Under the revision to the Florida law, the duty to retreat was replaced with the stand your ground doctrine -- the doctrine that says that, with certain exceptions, you don't have to retreat from an imminent threat of death/bodily harm even if you would be able to do so. The change in the law also had a procedural element: a defendant is entitled to a pretrial hearing (which defendant can choose to waive) to determine whether they have a legitimate claim of self defense.
In this pretrial hearing, if held, the court will apply current Florida law which, as noted, no longer contains a duty to retreat. If one waives the pretrial hearing, one goes to trial where the court will instruct the jury to apply current Florida law -- again, law that does not include a duty to retreat. Thus, any suggestion that waiving the procedural protection of a pretrial immunity hearing impacts the substantive test of self defense that applies at any stage of the proceedings is wrong.
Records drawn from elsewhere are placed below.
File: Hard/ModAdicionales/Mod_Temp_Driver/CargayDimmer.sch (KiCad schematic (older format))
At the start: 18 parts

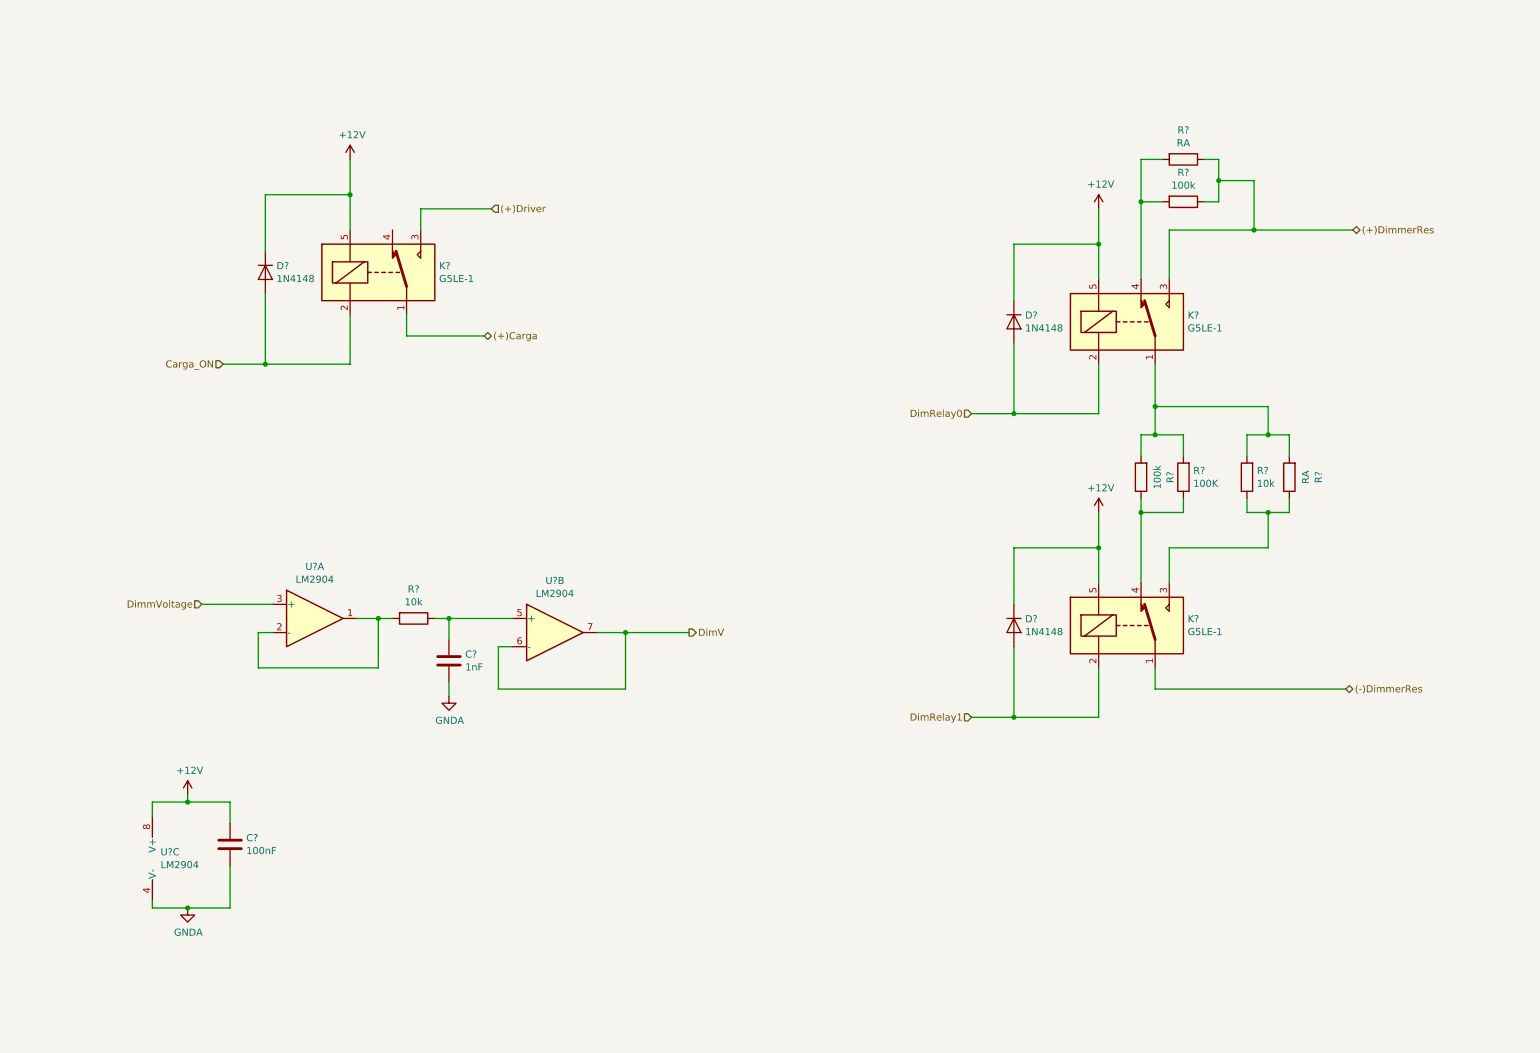
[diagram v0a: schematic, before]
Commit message: Primera correccion en modulos Adicionales y cambio de etapa de salida en modulo principal
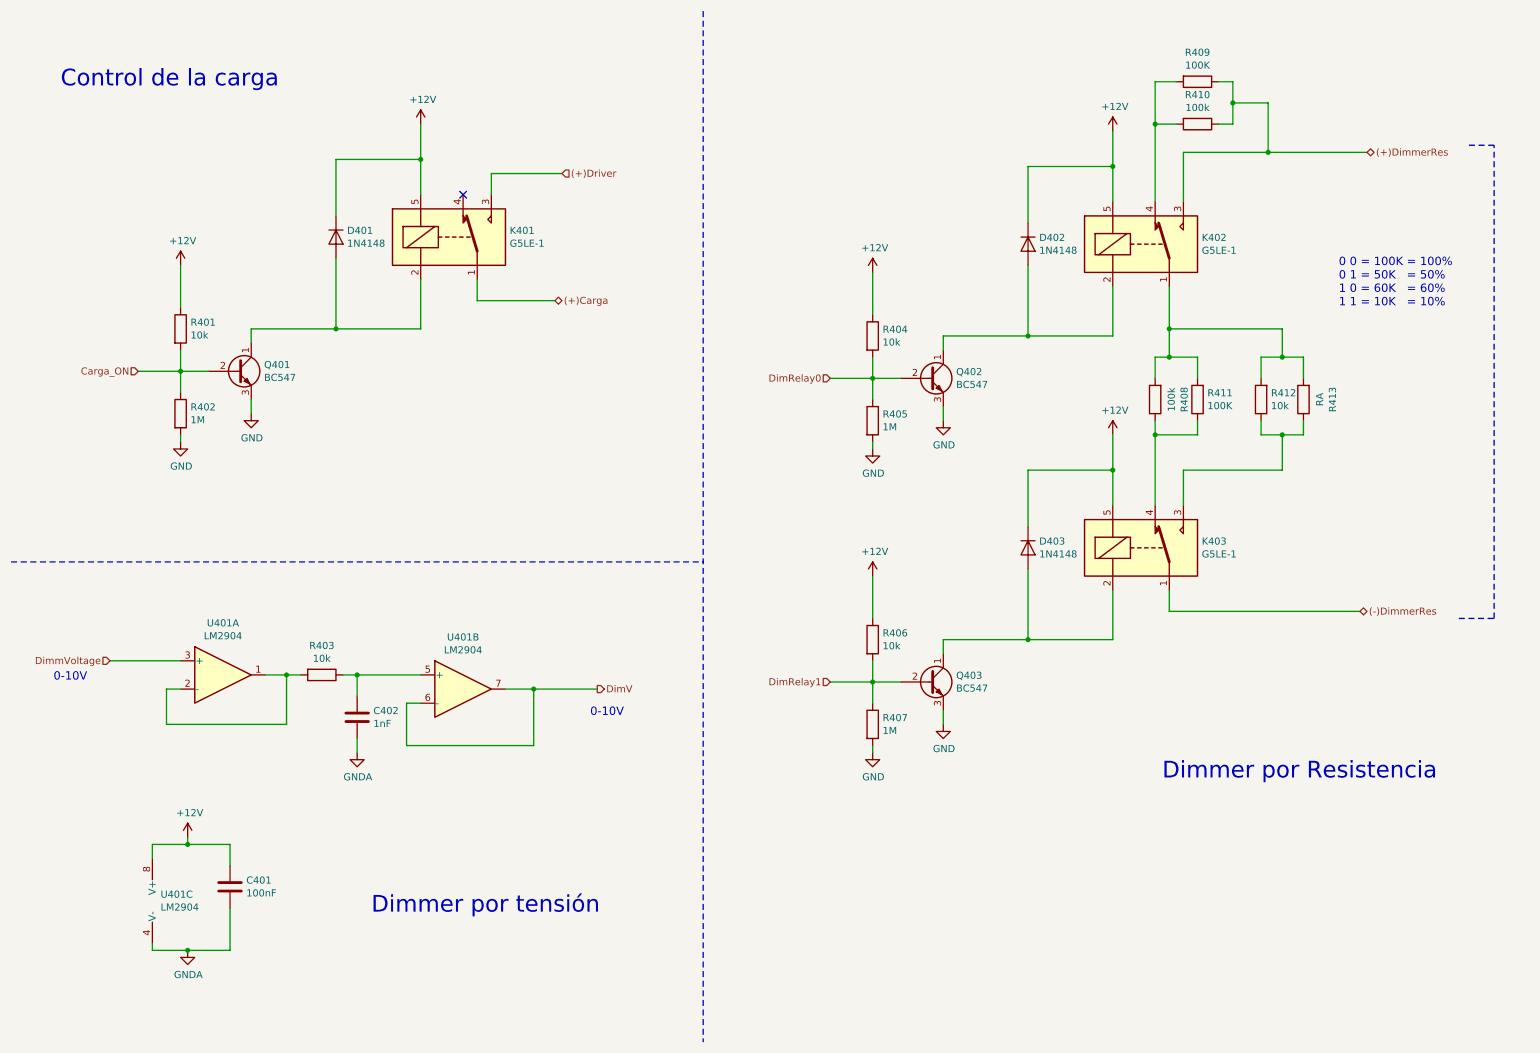
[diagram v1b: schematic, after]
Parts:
- added Q401, Q402, Q403: BC547, Package_TO_SOT_THT:TO-92_Inline, symbol Transistor_BJT:BC547
- added R401, R404, R406: 10k, Resistor_SMD:R_0805_2012Metric_Pad1.15x1.40mm_HandSolder, symbol Device:R
- added R402, R405, R407: 1M, Resistor_SMD:R_0805_2012Metric_Pad1.15x1.40mm_HandSolder, symbol Device:R
- R409: renamed from R?; value RA -> 100K
- gave numbers to parts that had none: 15
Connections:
- net +12V: now also R401.1, R404.1, R406.1
- net Carga_ON: now also Q401.2 (B), R401.2, R402.1; no longer D401.2 (A), K401.2
- net DimRelay0: now also Q402.2 (B), R404.2, R405.1; no longer D402.2 (A), K402.2
- net DimRelay1: now also Q403.2 (B), R406.2, R407.1; no longer D403.2 (A), K403.2
- new net: D402.2 (A), K402.2, Q402.1 (C)
- new net: D403.2 (A), K403.2, Q403.1 (C)
- new net: D401.2 (A), K401.2, Q401.1 (C)
- new net GND: Q401.3 (E), Q402.3 (E), Q403.3 (E), R402.2, R405.2, R407.2
- no-connect marks 0 -> 1
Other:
- note added: "0 0 = 100K = 100%\n0 1 = 50K = 50% \n1 0 = 60K = 60%\n1 1 = 10K = 10%\n"
- note added: "0-10V\n"
- note added: "Control de la carga"
- note added: "Dimmer por Resistencia\n"
- note added: "Dimmer por tensión\n"
- moved on the sheet: C401, C402, D401, D402, D403, K401, K402, K403, R403, R408, R409, R410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

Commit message: Asignacion de footprints Modulos adicionales
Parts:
- removed Q401, Q402, Q403: BC547, Package_TO_SOT_THT:TO-92_Inline, symbol Transistor_BJT:BC547
- added Q401, Q402, Q403: BC857, Package_TO_SOT_SMD:SOT-23, symbol Transistor_BJT:BC857
- R405: value 1M -> 10k
- R406: value 10k -> 1M
- U401: footprint (none) -> Package_SO:SO-8_3.9x4.9mm_P1.27mm
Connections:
- net +12V: now also R402.1, R407.1, Q401.2 (E), Q402.2 (E), Q403.2 (E); no longer D401.1 (K), D402.1 (K), D403.1 (K), K401.5, K402.5, K403.5, R401.1, R404.1
- net Carga_ON: now also R401.1; no longer R401.2, R402.1
- net DimRelay0: now also R404.1; no longer R404.2, R405.1
- net DimRelay1: now also R405.1; no longer R406.2, R407.1
- net GND: now also D401.2 (A), D402.2 (A), D403.2 (A), K401.2, K402.2, K403.2; no longer R402.2, R405.2, R407.2
- new net: Q401.1 (B), R401.2, R402.2
- new net: D401.1 (K), K401.5, Q401.3 (C)
- new net: Q402.1 (B), R404.2, R406.2
- new net: D402.1 (K), K402.5, Q402.3 (C)
- new net: Q403.1 (B), R405.2, R407.2
- new net: D403.1 (K), K403.5, Q403.3 (C)
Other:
- moved on the sheet: D401, K401, R401, R402

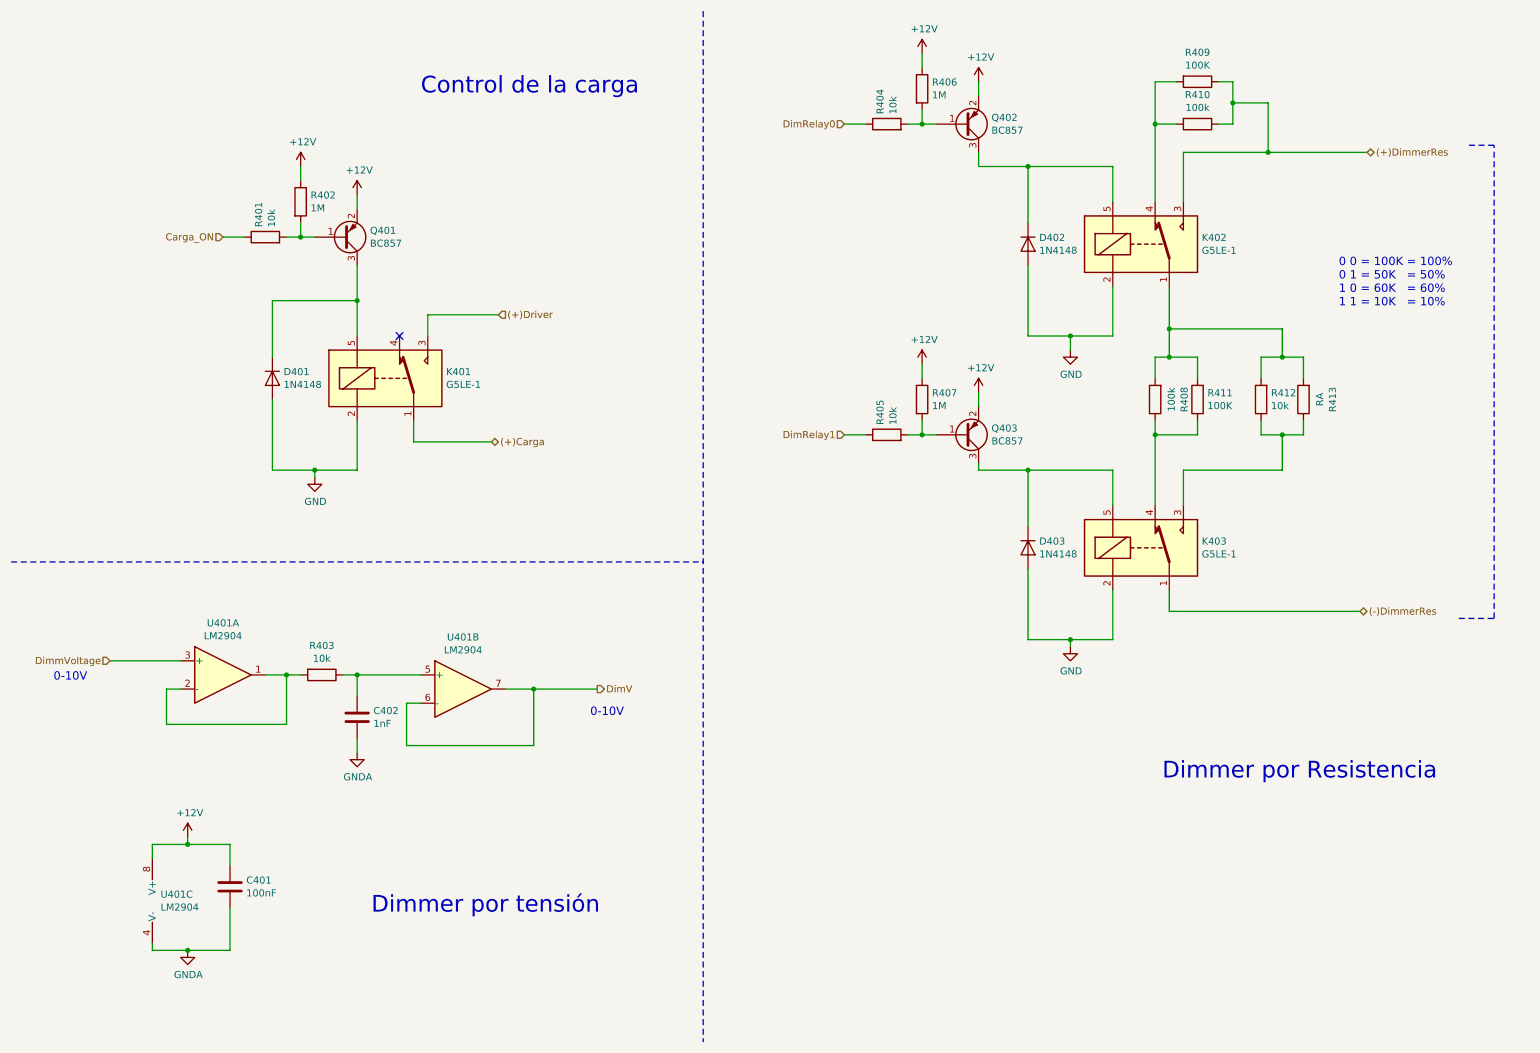
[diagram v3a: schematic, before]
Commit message: Avance en trazado de pistas Modulos Adicionales
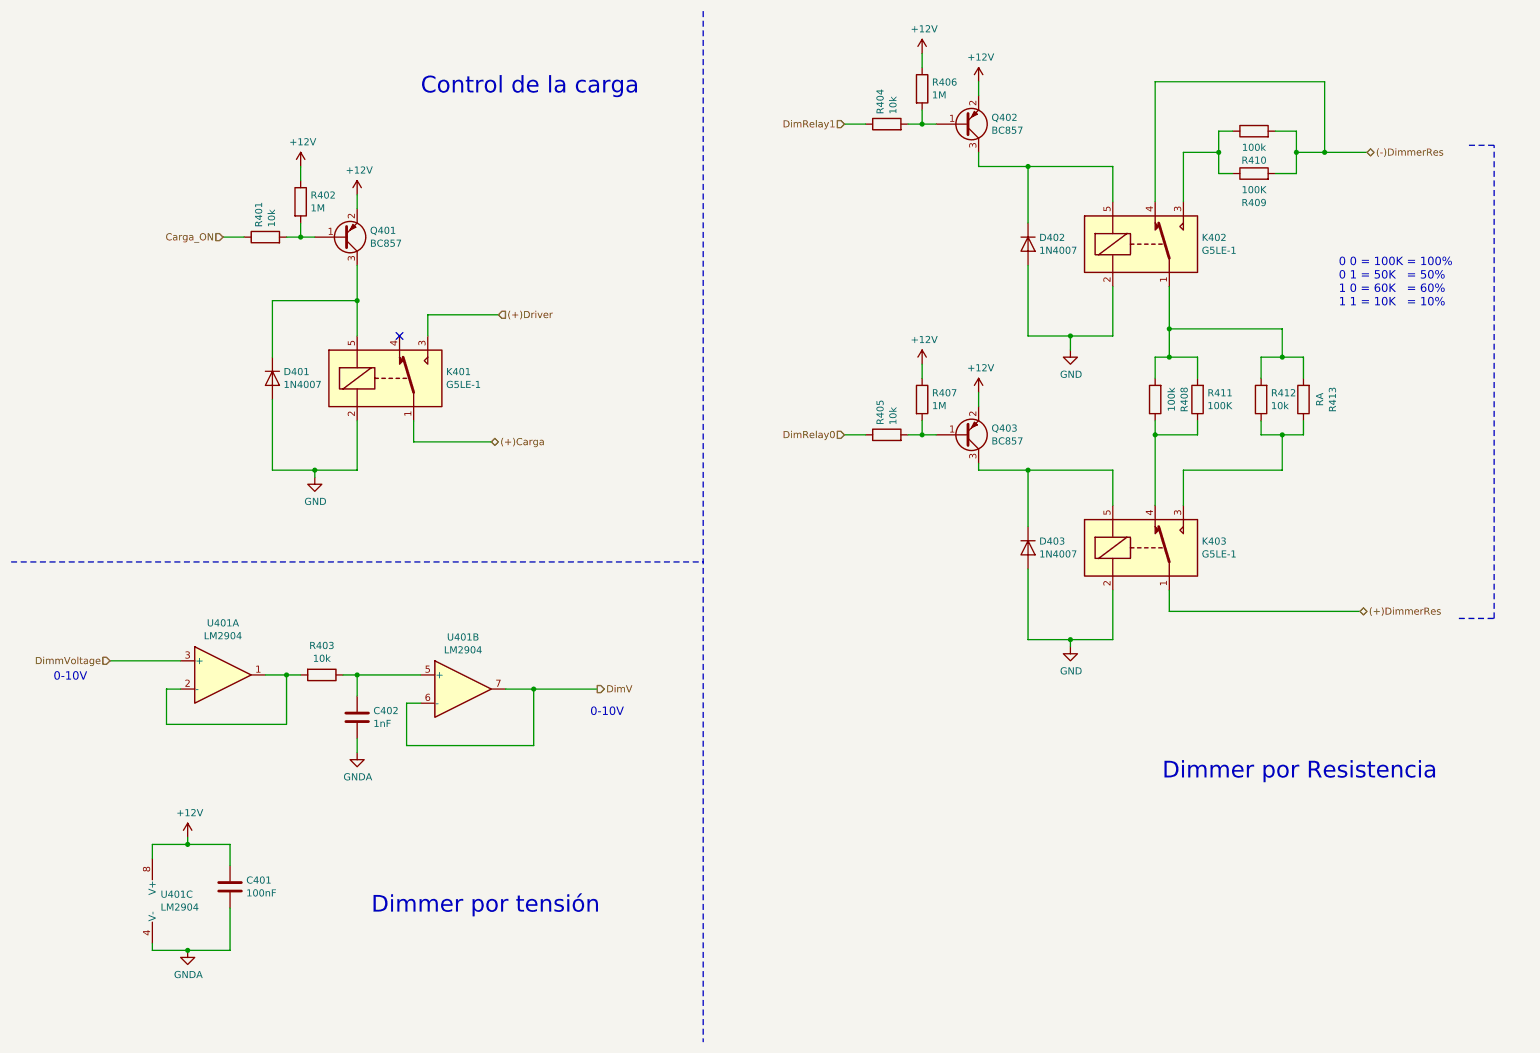
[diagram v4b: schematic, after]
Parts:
- removed D401, D402, D403: 1N4148, Diode_THT:D_DO-35_SOD27_P7.62mm_Horizontal, symbol Diode:1N4148
- added D401, D402, D403: 1N4007, Diode_THT:D_DO-41_SOD81_P10.16mm_Horizontal, symbol Diode:1N4007
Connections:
- net (+)DimmerRes: now also K403.1; no longer K402.3, R409.1, R410.1
- net (-)DimmerRes: now also K402.4, R409.2, R410.2; no longer K403.1
- net DimRelay0: now also R405.1; no longer R404.1
- net DimRelay1: now also R404.1; no longer R405.1
- net GND: now also D401.2 (A), D402.2 (A), D403.2 (A)
- net at K401.5, Q401.3 (C): now also D401.1 (K)
- net at K402.5, Q402.3 (C): now also D402.1 (K)
- net at K403.5, Q403.3 (C): now also D403.1 (K)
- new net: K402.3, R409.1, R410.1
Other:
- moved on the sheet: R409, R410
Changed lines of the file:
@@
-$EndComp
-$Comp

As for what the outcome would have been in this case had Florida not changed its law to eliminate the duty to retreat, the answer cannot be given with certainty, but it is quite likely, imo, that the defense would have argued that the duty to retreat did not apply in the facts of the case because Martin was restraining him from retreating. The fact that Zimmerman left his vehicle to follow and confront Martin is, under prevailing law, not relevant since it was not unlawful to do so and creating an opportunity for a confict that creates a reasonable fear of imminent death/bodily injury (which Zimmerman clearly did) does not negate his right to claim self defense if and when conduct creating a reasonable belief of imminent death/bodily injury took place.
LuckyTheDog
(6,837 posts)Zimmerman alleges that Martin clocked him in the face. At that point, and before he was pinned (assuming that even happened), Zimmerman could have just taken off.
Also, I really question whether Zimmerman would have been unable to throw off a guy who he out-weighed by quite a bit.
onenote
(42,680 posts)While if it was me and it was a duty to retreat state, I think I'd probably have found he could've retreated. But given that the burden of proof is on the state to prove that he could have retreated, I'm guessing he still would have lost with this jury under the old rule.
LuckyTheDog
(6,837 posts)But in a SYG state, there was absolutely no way to convict him.